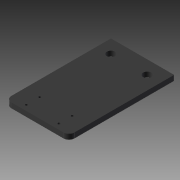
# Autodesk Inventor part: 3way_final_valve_mount
Saved by Autodesk Inventor 2019 (Build 230136000, 136)
## iProperties
Created: 2019-08-14
Part Number: 3way_final_valve_mount
Material: Generic
Document SubType Name: Modeling
Designer: devon
Density: 1 g/cm^3
Appearance: Default
Author: devon
Autodesk Inventor part; units mm, degrees
ref_plane "YZ Plane" through (0, 0, 0) normal (1, 0, 0) x (0, 1, 0)
ref_plane "XZ Plane" through (0, 0, 0) normal (0, 1, 0) x (-1, 0, 0)
ref_plane "XY Plane" through (0, 0, 0) normal (0, 0, 1) x (1, 0, 0)
sketch "Sketch1" plane through (0, 0, 0) normal (0, 1, 0) x (-1, 0, 0)
  line L0 (30, 50) -> (-30, 50)
  line L1 (-30, 50) -> (-30, -50)
  line L2 (-30, -50) -> (30, -50)
  line L3 (30, -50) -> (30, 50)
  line L4 (30, 50) -> (-30, -50) construction
  line L5 (-30, 50) -> (30, -50) construction
  point P0 (0, 0)
  dimension "d0" = 60
  dimension "d1" = 100
  constraints: 12 end point, 2 midpoint, 2 parallel, 1 horizontal, 1 perpendicular
  measures "d0" distance of L1.end L2.end
  measures "d1" distance of L2.end L0.start
extrude "Extrusion1" add sketch "Sketch1" along normal blind 5
sketch "Sketch2" plane through (0, 5, 0) normal (0, 1, 0) x (1, 0, 0)
  circle A0 centre (15.5, -45) radius 1.25
  circle A1 centre (15.5, -32.3) radius 1.25
  line L0 (-30, -50) -> (30, -50) projected
  line L1 (30, -50) -> (30, 50) projected
  circle A2 centre (-15.5, -45) radius 1.25
  line L2 (-30, 50) -> (-30, -50) projected
  circle A3 centre (-15.5, -32.3) radius 1.25
  point P0 (0, 0)
  dimension "d4" = 2.5
  dimension "d5" = 2.5
  dimension "d6" = 12.7
  dimension "d7" = 5
  dimension "d8" = 14.5
  dimension "d9" = 14.5
  dimension "d10" = 2.5
  dimension "d11" = 14.5
  dimension "d12" = 2.5
  constraints: 4 centre point
  measures "d4" diameter of A1
  measures "d5" diameter of A0
  measures "d6" distance of A1.centre A0.centre
  measures "d7" distance from line of L0 A0.centre
  measures "d8" distance from line of L1 A0.centre
  measures "d9" distance from line of L1 A1.centre
  measures "d10" diameter of A2
  measures "d11" distance from line of L2 A2.centre
  measures "d12" diameter of A3
extrude "Extrusion2" cut sketch "Sketch2" against normal up to next
sketch "Sketch3" plane through (0, 5, 0) normal (0, 1, 0) x (1, 0, 0)
  circle A0 centre (-17.3, 37.3) radius 4
  line L0 (30, 50) -> (-30, 50) projected
  line L1 (-30, 50) -> (-30, -50) projected
  circle A1 centre (17.3, 37.3) radius 4
  line L2 (30, -50) -> (30, 50) projected
  point P0 (0, 0)
  dimension "d15" = 8
  dimension "d16" = 12.7
  dimension "d17" = 12.7
  dimension "d18" = 8
  dimension "d19" = 12.7
  constraints: 2 centre point
  measures "d15" diameter of A0
  measures "d16" distance from line of L0 A0.centre
  measures "d17" distance from line of L1 A0.centre
  measures "d18" diameter of A1
  measures "d19" distance from line of L2 A1.centre
extrude "Extrusion3" cut sketch "Sketch3" against normal up to next
fillet "Fillet1" radius 5 2 edges at (30, 2.5, 50) (-30, 2.5, 50)
body "Solid1"

:::::

Your task
Each line above that contains the word "projected" should be returned.

Answer for the task
  line L0 (-30, -50) -> (30, -50) projected
  line L1 (30, -50) -> (30, 50) projected
  line L2 (-30, 50) -> (-30, -50) projected
  line L0 (30, 50) -> (-30, 50) projected
  line L1 (-30, 50) -> (-30, -50) projected
  line L2 (30, -50) -> (30, 50) projected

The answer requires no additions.